New Delhi: Prime Minister Narendra Modi’s latest tax cut plan is anticipated to stimulate India’s economy, albeit at a significant cost to government finances. Economists and analysts project that the modifications to the Goods and Services Tax (GST) will boost India’s GDP by 0.6 percent in the coming year but will also lead to a yearly reduction of nearly $20 billion in government revenues.
This is according to a bank research report and an international news report.
Major tax changes to reduce government income
The revamp of the GST system — the most extensive since its inception in 2017 — is viewed as a crucial reform despite its impact on government income. This move is expected to benefit consumers and major corporations while bolstering India’s stance in trade disputes with the US.
The report indicates that starting in October, essential daily items and electronic goods are set to witness price reductions, benefiting consumers and major companies such as Nestlé, Samsung, and LG Electronics.
This announcement follows the Prime Minister’s call for increased support for domestically manufactured products in his Independence Day address.
The current GST system, with its multiple slabs and odd classifications, needed reform to simplify and reduce costs for consumers.
The announcement came amidst the US imposition of hefty tariffs (50 percent) on India, effective August 27, 2025.
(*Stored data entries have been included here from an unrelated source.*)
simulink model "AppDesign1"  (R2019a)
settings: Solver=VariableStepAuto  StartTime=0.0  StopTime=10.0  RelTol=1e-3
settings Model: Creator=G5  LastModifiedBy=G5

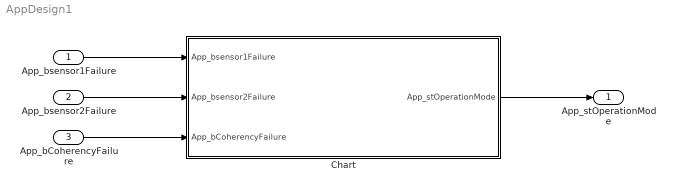
== system AppDesign1 ==
  App_bsensor1Failure : Inport
  App_bsensor2Failure : Inport  Port=2
  App_bCoherencyFailure : Inport  Port=3
  Chart : Stateflow chart  BlockKeywords=__PRM__SERIALIZED__DATA__:Stateflow Chart,Stateflow Diagram  TreatAsAtomicUnit=on
  App_stOperationMode : Outport  OutDataTypeStr=Enum: App_Modes
  wires:
  App_bsensor1Failure/1 -> Chart/1(App_bsensor1Failure)
  App_bsensor2Failure/1 -> Chart/2(App_bsensor2Failure)
  App_bCoherencyFailure/1 -> Chart/3(App_bCoherencyFailure)
  Chart/1(App_stOperationMode) -> App_stOperationMode/1

== stateflow chart AppDesign1/Chart ==
  state Normal
    en:
    App_stOperationMode = App_Modes.Normal;
  state Downgraded_1
    en:
    App_stOperationMode = App_Modes.Downgraded_Sen_1;
  state Downgraded_2
    en:
    App_stOperationMode = App_Modes.Downgraded_Sen_2;
  state Failure
    en:
    App_stOperationMode = App_Modes.Failure;
  (default) -> Normal
  (junction 10) -> Normal [order 2] : [~App_bCoherencyFailure]
  Normal -> (junction 10) : [App_bCoherencyFailure ]
  (junction 10) -> Downgraded_1 [order 1] : [App_bsensor2Failure && ~App_bsensor1Failure]
  (junction 10) -> Downgraded_2 [order 3] : [App_bsensor1Failure && ~App_bsensor2Failure]
  Downgraded_2 -> (junction 10)
  Downgraded_1 -> (junction 10)
  (junction 10) -> Failure [order 4] : [App_bCoherencyFailure]
  data: App_bsensor1Failure input; App_bsensor2Failure input; App_bCoherencyFailure input; App_stOperationMode output

Many analysts and economists believe that the GST reduction will have a broader impact than income tax cuts, as only a small portion of the population pays income tax.
The tax cuts are also seen as a response to pressure from US trade policies. With more small investors participating in the markets, improving stock performance has become politically significant.
This Diwali, a double Diwali – says PM
During his address to the nation on Independence Day, the Prime Minister said thus: “This Diwali, I am going to make it a double Diwali for you. This Diwali, you fellow countrymen are going to get a very big gift. In the last eight years, we have done a big reform of GST, reduced the tax burden across the country, simplified the tax regime and after these eight years, the need of the hour is that we should review it once. We started the review by setting up a high-power committee and also held discussions with the states.”
Furthermore, he stated, “We are coming with the next generation of GST reforms; this will be a gift for you this Diwali. Taxes payable by the common man will be reduced substantially, and a lot of facilities will be increased. Our MSMEs, our small entrepreneurs, will get a huge benefit. Everyday items will become very cheap and that will also give a new boost to the economy.”
“Every family, the poor and the middle class, small and big entrepreneurs, and every trader and businessman will benefit from this,” the PM added.
Need for reform and expected rate changes
The GST system has expanded the indirect tax base to 1.52 crore businesses in eight years, fostering a more unified national market. However, the current structure has posed challenges that the proposed reforms aim to address.
The complexity of the multi-slab system presents a significant hurdle. While a single tax bracket generates substantial revenue, it complicates administrative processes without yielding a proportional financial benefit.
Special rates, such as 0.25 percent for diamonds and other valuable stones and 3 percent for jewellery, are also included in the system. Additionally, basic food items are exempt.
The government garners the highest tax collection from the 18 percent levy, constituting 65 percent of total revenues.
The 28 percent tax bracket contributes 11 percent of revenue, while the 12 percent slab accounts for 5 percent. The lowest tax slab of 5 percent on essential daily-use items contributes 7 percent of the total GST earnings for the Centre.
Overall, the 28 percent and 12 percent tax slabs were responsible for 16 percent of India’s GST earnings, which amounted to approximately $250 billion the previous year.
The changes include scrapping the 28 percent slab and shifting many products from the 12 percent category to the 5 percent bracket.
In conclusion, the GST reduction is expected to have a broader impact than income tax cuts and is viewed as a response to both domestic and international pressures.